The trickiest part turned out to be getting into the car to cannibalise its stereo without getting shot up by the robots; once she’d done that, the rest came pretty quickly. Inside of an hour, as far as they could tell, all of the robots were down, and Unfortunate Bow Tie Dude was grinning widely.
“That was some very impressive work. And I must say, you held your own quite nicely.”
Claudia shrugged. “Killer robots aren’t exactly the weirdest thing I’ve seen on the job.”
“Are they not?” He looked at her almost too closely for comfort, for a few moments. “You’re a bit young for UNIT, and Torchwood hasn’t expanded to the Americas yet, which, given the local year, would most likely make you a Warehouse employee. How is Mrs. Frederic, anyway?”
“I - um. I... wouldn’t know. Kinda left the Warehouse, long story, may or may not be someone screwing with my head involved.” How this guy and his terrible taste in fashion had managed to find out about the Warehouse, never mind get chummy enough with Mrs. F to ask how she was doing, Claudia had no idea, but as long as he seemed to know what was going on, she saw no harm in talking about it.
Unfortunate Bow Tie Dude fiddled with his screwdriver thing, then pointed it at Claudia; given what had happened to the robots, she couldn’t help flinching, but it made a different sound this time. Still, she didn’t open her eyes again until he said, “No, it appears your brain is perfectly normal.”

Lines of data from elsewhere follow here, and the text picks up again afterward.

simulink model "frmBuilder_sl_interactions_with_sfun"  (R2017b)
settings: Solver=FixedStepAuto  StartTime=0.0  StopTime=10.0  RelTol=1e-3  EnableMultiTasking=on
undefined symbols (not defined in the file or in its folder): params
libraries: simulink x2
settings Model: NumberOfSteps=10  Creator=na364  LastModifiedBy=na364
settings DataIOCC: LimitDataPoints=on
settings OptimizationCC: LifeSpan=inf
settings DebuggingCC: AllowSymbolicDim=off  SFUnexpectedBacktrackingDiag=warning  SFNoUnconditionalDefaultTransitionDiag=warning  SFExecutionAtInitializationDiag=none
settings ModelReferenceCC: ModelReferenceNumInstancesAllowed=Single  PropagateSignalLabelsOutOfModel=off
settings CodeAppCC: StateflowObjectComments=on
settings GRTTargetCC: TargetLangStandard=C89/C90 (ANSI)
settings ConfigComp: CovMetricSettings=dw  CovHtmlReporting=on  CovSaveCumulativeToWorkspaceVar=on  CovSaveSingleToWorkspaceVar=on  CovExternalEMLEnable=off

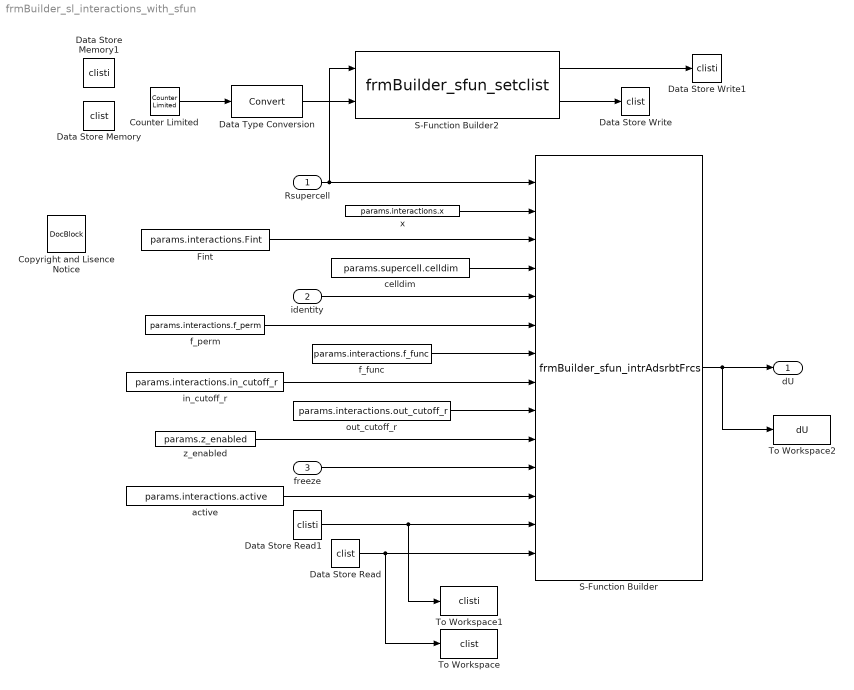
== system frmBuilder_sl_interactions_with_sfun ==
  Rsupercell : Inport  PortDimensions=[params.model_dim,sum([params.prtcl(:).Nprtcl])]
  identity : Inport  Port=2  PortDimensions=[1,sum([params.prtcl(:).Nprtcl])]
  freeze : Inport  Port=3  PortDimensions=[1,sum([params.prtcl(:).Nprtcl])]
  Copyright and Lisence Notice : simulink/Model-Wide Utilities/DocBlock  DocumentType=Text
      content=|
      | % Copyright (c) 2018, Nadav Avidor.
      | % All rights reserved.
      | % This file is part of the PIGLE - Particles Interacting in Generalized Langevin Equation simulator, subject to the
      | % GNU/GPL-3.0-or-later.
  Counter Limited : simulink/Sources/Counter Limited  uplimit=params.nclist-1  tsamp=-1
  Data Store Memory : DataStoreMemory  DataStoreName=clist  ReadBeforeWriteMsg=warning  WriteAfterWriteMsg=warning  WriteAfterReadMsg=warning  InitialValue=zeros(sum([params.prtcl(:).Nprtcl]),sum([params.prtcl(:).Nprtcl]))  ShowAdditionalParam=off  OutDataTypeStr=int32
  Data Store Memory1 : DataStoreMemory  DataStoreName=clisti  ReadBeforeWriteMsg=warning  WriteAfterWriteMsg=warning  WriteAfterReadMsg=warning  InitialValue=zeros(sum([params.prtcl(:).Nprtcl]),1)  ShowAdditionalParam=off  OutDataTypeStr=int32
  Data Store Read : DataStoreRead  DataStoreName=clist
  Data Store Read1 : DataStoreRead  DataStoreName=clisti
  Data Store Write : DataStoreWrite  DataStoreName=clist
  Data Store Write1 : DataStoreWrite  DataStoreName=clisti
  Data Type Conversion : DataTypeConversion
  Fint : Constant  Value=params.interactions.Fint
  S-Function Builder : S-Function  InitFcn=try, set_param(gcb,'FunctionName','frmBuilder_sfun_intrAdsrbtFrcs'), end  FunctionName=frmBuilder_sfun_intrAdsrbtFrcs  Parameters=sum([params.prtcl(:).Nprtcl]),size(params.interactions.Fint),params.model_dim  SFunctionModules=frmBuilder_sfun_intrAdsrbtFrcs_wrapper intrAdsrbtFrcs interp1lin  SFunctionDeploymentMode=off  EnableBusSupport=off  mask(S-Function Builder){}
      mask help: Simulink:masks:SFunctionBuilder_MD
      mask init:
      | val = [[.9  0.75 0.75 1 1 .9 .9 1]',[1 1 0.75 0.75 .9 .9 1 .9]'];try , sys = get_param(gcb,'SfunBuilderFcnName');if isempty(sys), sys = get_param(gcb,'FunctionName'); end,catch, sys = get_param(gcb,'FunctionName'); end
      settings: CopyFcn=set_param(gcbh,'LinkStatus','none')  PreSaveFcn=try, set_param(gcb,'FunctionName','frmBuilder_sfun_intrAdsrbtFrcs'), end  OpenFcn=sfunctionwizard(gcbh)
      mask Display: plot(val(:,1),val(:,2)),disp(sys), port_label('input',1,'pos'), port_label('input',2,'x'), port_label('input',3,'fTbltd'), port_label('input',4,'celldim'), port_label('input',5,'identity'), port_label('input',6,'f_perm'), port_label('input',7,'f_func'), port_label('input',8,'in_cutoff_r'), port_label('input',9,'out_cutoff_r'), port_label('input',10,'z_enabled'), port_label('input',11,'freeze'), port_label('input',12,'active'), port_label('input',13,'clisti'), port_label('input',14,'clist'), port_label('output',1,'iaf')
  S-Function Builder2 : S-Function  InitFcn=try, set_param(gcb,'FunctionName','frmBuilder_sfun_setclist'), end  FunctionName=frmBuilder_sfun_setclist  Parameters=params.supercell.celldim,params.interactions.out_cutoff_r  SFunctionModules=frmBuilder_sfun_setclist_wrapper setclist  SFunctionDeploymentMode=off  EnableBusSupport=off  mask(S-Function Builder){}
      mask help: Simulink:masks:SFunctionBuilder_MD
      mask init: same as frmBuilder_sl_interactions_with_sfun/S-Function Builder
      settings: CopyFcn=set_param(gcbh,'LinkStatus','none')  PreSaveFcn=try, set_param(gcb,'FunctionName','frmBuilder_sfun_setclist'), end  OpenFcn=sfunctionwizard(gcbh)
      mask Display: plot(val(:,1),val(:,2)),disp(sys), port_label('input',1,'pos'), port_label('input',2,'calc_clist'), port_label('output',1,'clisti'), port_label('output',2,'clist')
  To Workspace : ToWorkspace  VariableName=clist  SampleTime=-1
  To Workspace1 : ToWorkspace  VariableName=clisti  SampleTime=-1
  To Workspace2 : ToWorkspace  VariableName=dU  SampleTime=-1
      settings: Decimation=params.decimation
  active : Constant  Value=params.interactions.active
  celldim : Constant  Value=params.supercell.celldim
  f_func : Constant  Value=params.interactions.f_func
  f_perm : Constant  Value=params.interactions.f_perm
  in_cutoff_r : Constant  Value=params.interactions.in_cutoff_r
  out_cutoff_r : Constant  Value=params.interactions.out_cutoff_r
  x : Constant  Value=params.interactions.x
  z_enabled : Constant  Value=params.z_enabled
  dU : Outport  PortDimensions=[params.model_dim,params.Nprtcl]
  wires:
  Rsupercell/1 -> S-Function Builder2/1, S-Function Builder/1
  celldim/1 -> S-Function Builder/4
  Fint/1 -> S-Function Builder/3
  x/1 -> S-Function Builder/2
  identity/1 -> S-Function Builder/5
  f_perm/1 -> S-Function Builder/6
  f_func/1 -> S-Function Builder/7
  in_cutoff_r/1 -> S-Function Builder/8
  out_cutoff_r/1 -> S-Function Builder/9
  z_enabled/1 -> S-Function Builder/10
  S-Function Builder/1 -> To Workspace2/1, dU/1
  freeze/1 -> S-Function Builder/11
  active/1 -> S-Function Builder/12
  Data Store Read1/1 -> S-Function Builder/13, To Workspace1/1
  Data Store Read/1 -> To Workspace/1, S-Function Builder/14
  S-Function Builder2/2 -> Data Store Write/1
  S-Function Builder2/1 -> Data Store Write1/1
  Counter Limited/1 -> Data Type Conversion/1
  Data Type Conversion/1 -> S-Function Builder2/2

“Well, that’s a relief, but I’m not sure I’m in a hurry to go back there. Don’t know... what kind of reception I’d get.” She hated to think of it like that, but considering the cards seemed stacked against her and she only had the word of a crazy guy with a screwdriver that didn’t look or act like a screwdriver to the contrary, she had to at least acknowledge the possibility.
“Understandable. But Warehouse employees are hardly cut out for inaction, even when they choose to leave.”
“So... what’re you getting at here, Claudia and Unfortunate Bow Tie Dude Battle Robots Across the Country?” She had to admit, it sounded like a great title for a comic book, if nothing else.
“Oh, there’s much more excitement to be had than Cybermen, especially with the whole of time and space at hand, and...” He looked at her funny again, then sighed. “Really, don’t the Regents tell anyone about the Doctor anymore? I would have thought you’d all know me when you met me.”
“From my experience, they don’t tell anyone much of anything. And you gotta admit, it’s a pretty terrible tie.”
“I have to admit no such thing. Are you coming, or not?”
Claudia wasn’t sure if she really knew what she was getting herself into - but then again, that hadn’t stopped her from trying to save Joshua, or from hunting Artie down when she realised she couldn’t do it alone. So she smirked, and said, “Bring it on, Bow Tie Dude.”